The L-49 was one of the “height climbers” designed by the Germans late in World War I, when improvements in Allied fighter aircraft and anti-aircraft artillery made it necessary for Zeppelins to climb to great altitudes to avoid being shot down. For the Zepeplins to rise to greater heights on a fixed volume of lifting gas, however, the weight and strength of their structures were dramatically reduced. This decrease in strength was accepted as a wartime necessity, since a structurally weaker Zeppelin flying above the reach of enemy aircraft and artillery was safer than a stronger Zeppelin that could be easily attacked.
Shenandoah under construction at Lakehurst in 1923
The design was found insufficient and a number of the features of newer Zeppelins were used, as well as some structural improvements. The structure was built from a new alloy of aluminum and copper known as duralumin. Girders were fabricated at the Naval Aircraft Factory. Whether the changes introduced into the original design of L-49 played a part in Shenandoah’s later breakup is a matter of debate. An outer cover of high-quality cotton cloth was sewn, laced or taped to the duralumin frame and painted with aluminum dope.
The gas cells were made of goldbeater’s skins, one of the most gas-impervious materials known at the time. Named for their use in beating and separating gold leaf, goldbeater’s skins were made from the outer membrane of the large intestines of cattle. The membranes were washed and scraped to remove fat and dirt, and then placed in a solution of water and glycerine in preparation for application to the rubberized cotton fabric providing the strength of the gas cells. The membranes were wrung out by hand to remove the water-glycerine storage solution and then rubber-cemented to the cotton fabric and finally given a light coat of varnish. The 20 gas cells within the airframe were filled to about 85% of capacity at normal barometric pressure. Each gas cell had a spring-loaded relief valve and manual valves operated from the control car.

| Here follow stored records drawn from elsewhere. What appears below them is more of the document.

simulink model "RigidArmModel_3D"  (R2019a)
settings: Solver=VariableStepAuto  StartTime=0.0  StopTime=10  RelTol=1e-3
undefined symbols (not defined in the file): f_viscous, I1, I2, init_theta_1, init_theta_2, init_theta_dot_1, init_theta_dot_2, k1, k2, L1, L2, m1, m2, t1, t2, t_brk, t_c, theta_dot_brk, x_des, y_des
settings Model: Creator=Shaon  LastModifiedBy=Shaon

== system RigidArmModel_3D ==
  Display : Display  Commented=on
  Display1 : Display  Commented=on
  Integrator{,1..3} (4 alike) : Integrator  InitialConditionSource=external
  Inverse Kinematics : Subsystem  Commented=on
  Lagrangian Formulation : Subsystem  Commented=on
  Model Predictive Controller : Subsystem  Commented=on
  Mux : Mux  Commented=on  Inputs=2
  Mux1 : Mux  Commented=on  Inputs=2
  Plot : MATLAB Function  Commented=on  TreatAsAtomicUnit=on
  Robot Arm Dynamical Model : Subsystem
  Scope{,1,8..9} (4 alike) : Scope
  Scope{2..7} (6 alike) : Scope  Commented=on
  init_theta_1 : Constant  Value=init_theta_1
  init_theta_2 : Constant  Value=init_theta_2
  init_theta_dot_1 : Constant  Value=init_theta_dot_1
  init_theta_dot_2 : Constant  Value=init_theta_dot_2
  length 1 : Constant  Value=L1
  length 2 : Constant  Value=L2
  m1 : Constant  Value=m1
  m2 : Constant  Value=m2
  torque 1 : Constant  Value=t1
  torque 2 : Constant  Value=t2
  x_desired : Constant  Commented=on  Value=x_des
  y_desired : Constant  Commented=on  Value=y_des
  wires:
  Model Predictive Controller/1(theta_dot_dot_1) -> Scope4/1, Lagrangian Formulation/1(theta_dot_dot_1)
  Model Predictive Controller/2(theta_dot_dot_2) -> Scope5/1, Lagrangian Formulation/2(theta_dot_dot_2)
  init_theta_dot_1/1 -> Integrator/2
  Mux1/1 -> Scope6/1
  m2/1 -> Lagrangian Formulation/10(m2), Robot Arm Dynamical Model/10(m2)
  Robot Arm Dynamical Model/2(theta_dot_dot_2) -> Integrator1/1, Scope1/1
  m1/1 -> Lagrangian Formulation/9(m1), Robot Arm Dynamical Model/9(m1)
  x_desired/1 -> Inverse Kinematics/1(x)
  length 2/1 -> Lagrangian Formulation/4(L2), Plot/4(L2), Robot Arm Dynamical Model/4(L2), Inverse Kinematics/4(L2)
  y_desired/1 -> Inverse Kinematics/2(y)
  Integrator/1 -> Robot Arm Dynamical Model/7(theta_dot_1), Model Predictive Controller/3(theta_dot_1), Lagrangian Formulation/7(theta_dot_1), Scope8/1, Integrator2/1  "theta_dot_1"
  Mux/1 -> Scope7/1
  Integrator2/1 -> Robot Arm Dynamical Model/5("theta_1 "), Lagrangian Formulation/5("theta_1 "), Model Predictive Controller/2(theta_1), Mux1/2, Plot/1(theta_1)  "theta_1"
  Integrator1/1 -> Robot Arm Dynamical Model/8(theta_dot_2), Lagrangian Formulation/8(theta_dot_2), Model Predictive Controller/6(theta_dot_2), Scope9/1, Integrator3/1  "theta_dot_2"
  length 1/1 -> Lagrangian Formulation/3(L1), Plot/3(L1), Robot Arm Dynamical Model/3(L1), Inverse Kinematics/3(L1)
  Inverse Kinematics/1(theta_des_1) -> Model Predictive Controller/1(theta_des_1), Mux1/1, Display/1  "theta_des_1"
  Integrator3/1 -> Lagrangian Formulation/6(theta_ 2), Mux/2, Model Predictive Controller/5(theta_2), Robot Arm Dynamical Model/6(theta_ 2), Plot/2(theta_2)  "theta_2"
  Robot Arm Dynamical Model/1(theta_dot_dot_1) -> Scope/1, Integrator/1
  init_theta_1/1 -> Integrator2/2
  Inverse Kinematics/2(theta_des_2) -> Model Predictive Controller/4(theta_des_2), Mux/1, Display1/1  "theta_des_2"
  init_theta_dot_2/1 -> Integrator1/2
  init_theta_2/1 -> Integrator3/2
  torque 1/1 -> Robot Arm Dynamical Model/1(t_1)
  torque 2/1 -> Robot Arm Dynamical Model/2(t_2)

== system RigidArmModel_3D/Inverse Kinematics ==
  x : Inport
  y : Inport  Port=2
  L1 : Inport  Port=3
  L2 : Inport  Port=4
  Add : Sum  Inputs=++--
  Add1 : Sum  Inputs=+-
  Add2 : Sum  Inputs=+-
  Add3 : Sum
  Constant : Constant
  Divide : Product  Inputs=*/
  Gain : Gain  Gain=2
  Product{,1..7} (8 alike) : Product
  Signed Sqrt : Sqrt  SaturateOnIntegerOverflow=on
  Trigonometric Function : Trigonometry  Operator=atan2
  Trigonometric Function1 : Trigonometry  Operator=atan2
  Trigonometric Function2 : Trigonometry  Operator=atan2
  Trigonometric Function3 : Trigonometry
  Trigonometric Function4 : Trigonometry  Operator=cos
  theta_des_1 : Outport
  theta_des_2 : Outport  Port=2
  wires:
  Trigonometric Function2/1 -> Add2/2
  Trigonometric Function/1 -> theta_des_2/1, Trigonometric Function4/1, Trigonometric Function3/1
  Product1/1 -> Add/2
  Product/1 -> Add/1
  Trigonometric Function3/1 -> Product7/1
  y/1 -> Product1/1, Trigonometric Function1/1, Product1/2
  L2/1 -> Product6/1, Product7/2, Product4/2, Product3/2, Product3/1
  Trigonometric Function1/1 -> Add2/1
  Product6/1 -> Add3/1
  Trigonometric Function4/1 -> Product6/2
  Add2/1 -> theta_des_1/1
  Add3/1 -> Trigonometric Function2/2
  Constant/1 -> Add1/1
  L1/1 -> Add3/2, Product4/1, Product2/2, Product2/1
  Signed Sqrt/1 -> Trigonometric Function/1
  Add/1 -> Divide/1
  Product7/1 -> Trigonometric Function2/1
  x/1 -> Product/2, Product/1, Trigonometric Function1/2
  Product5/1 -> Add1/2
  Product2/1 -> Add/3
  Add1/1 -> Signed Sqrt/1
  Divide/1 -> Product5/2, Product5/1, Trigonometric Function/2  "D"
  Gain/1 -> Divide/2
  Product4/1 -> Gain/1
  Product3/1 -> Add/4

Shenandoah was originally designated FA-1, for “Fleet Airship Number One” but this was changed to ZR-1. The airship was 680 ft (207.26 m) long and weighed 36 tons (32658 kg). It had a range of 5,000 mi (4,300 nmi; 8,000 km), and could reach speeds of 70 mph (61 kn; 110 km/h). Shenandoah was assembled at Naval Air Station Lakehurst, New Jersey in 1922–1923, in Hangar No. 1, the only hangar large enough to accommodate the ship; its parts were fabricated at the Naval Aircraft Factory in Philadelphia. NAS Lakehurst had served as a base for Navy blimps for some time, but Shenandoah was the first rigid airship to join the fleet.
Like all previous zeppelins, ZR-1 had been designed on the assumption that the ship would be operated with hydrogen, but the fiery crash of the U.S. Army airship Roma in 1922 convinced the U.S. government to operate future airship’s with helium, despite the high cost and very limited supply of the gas.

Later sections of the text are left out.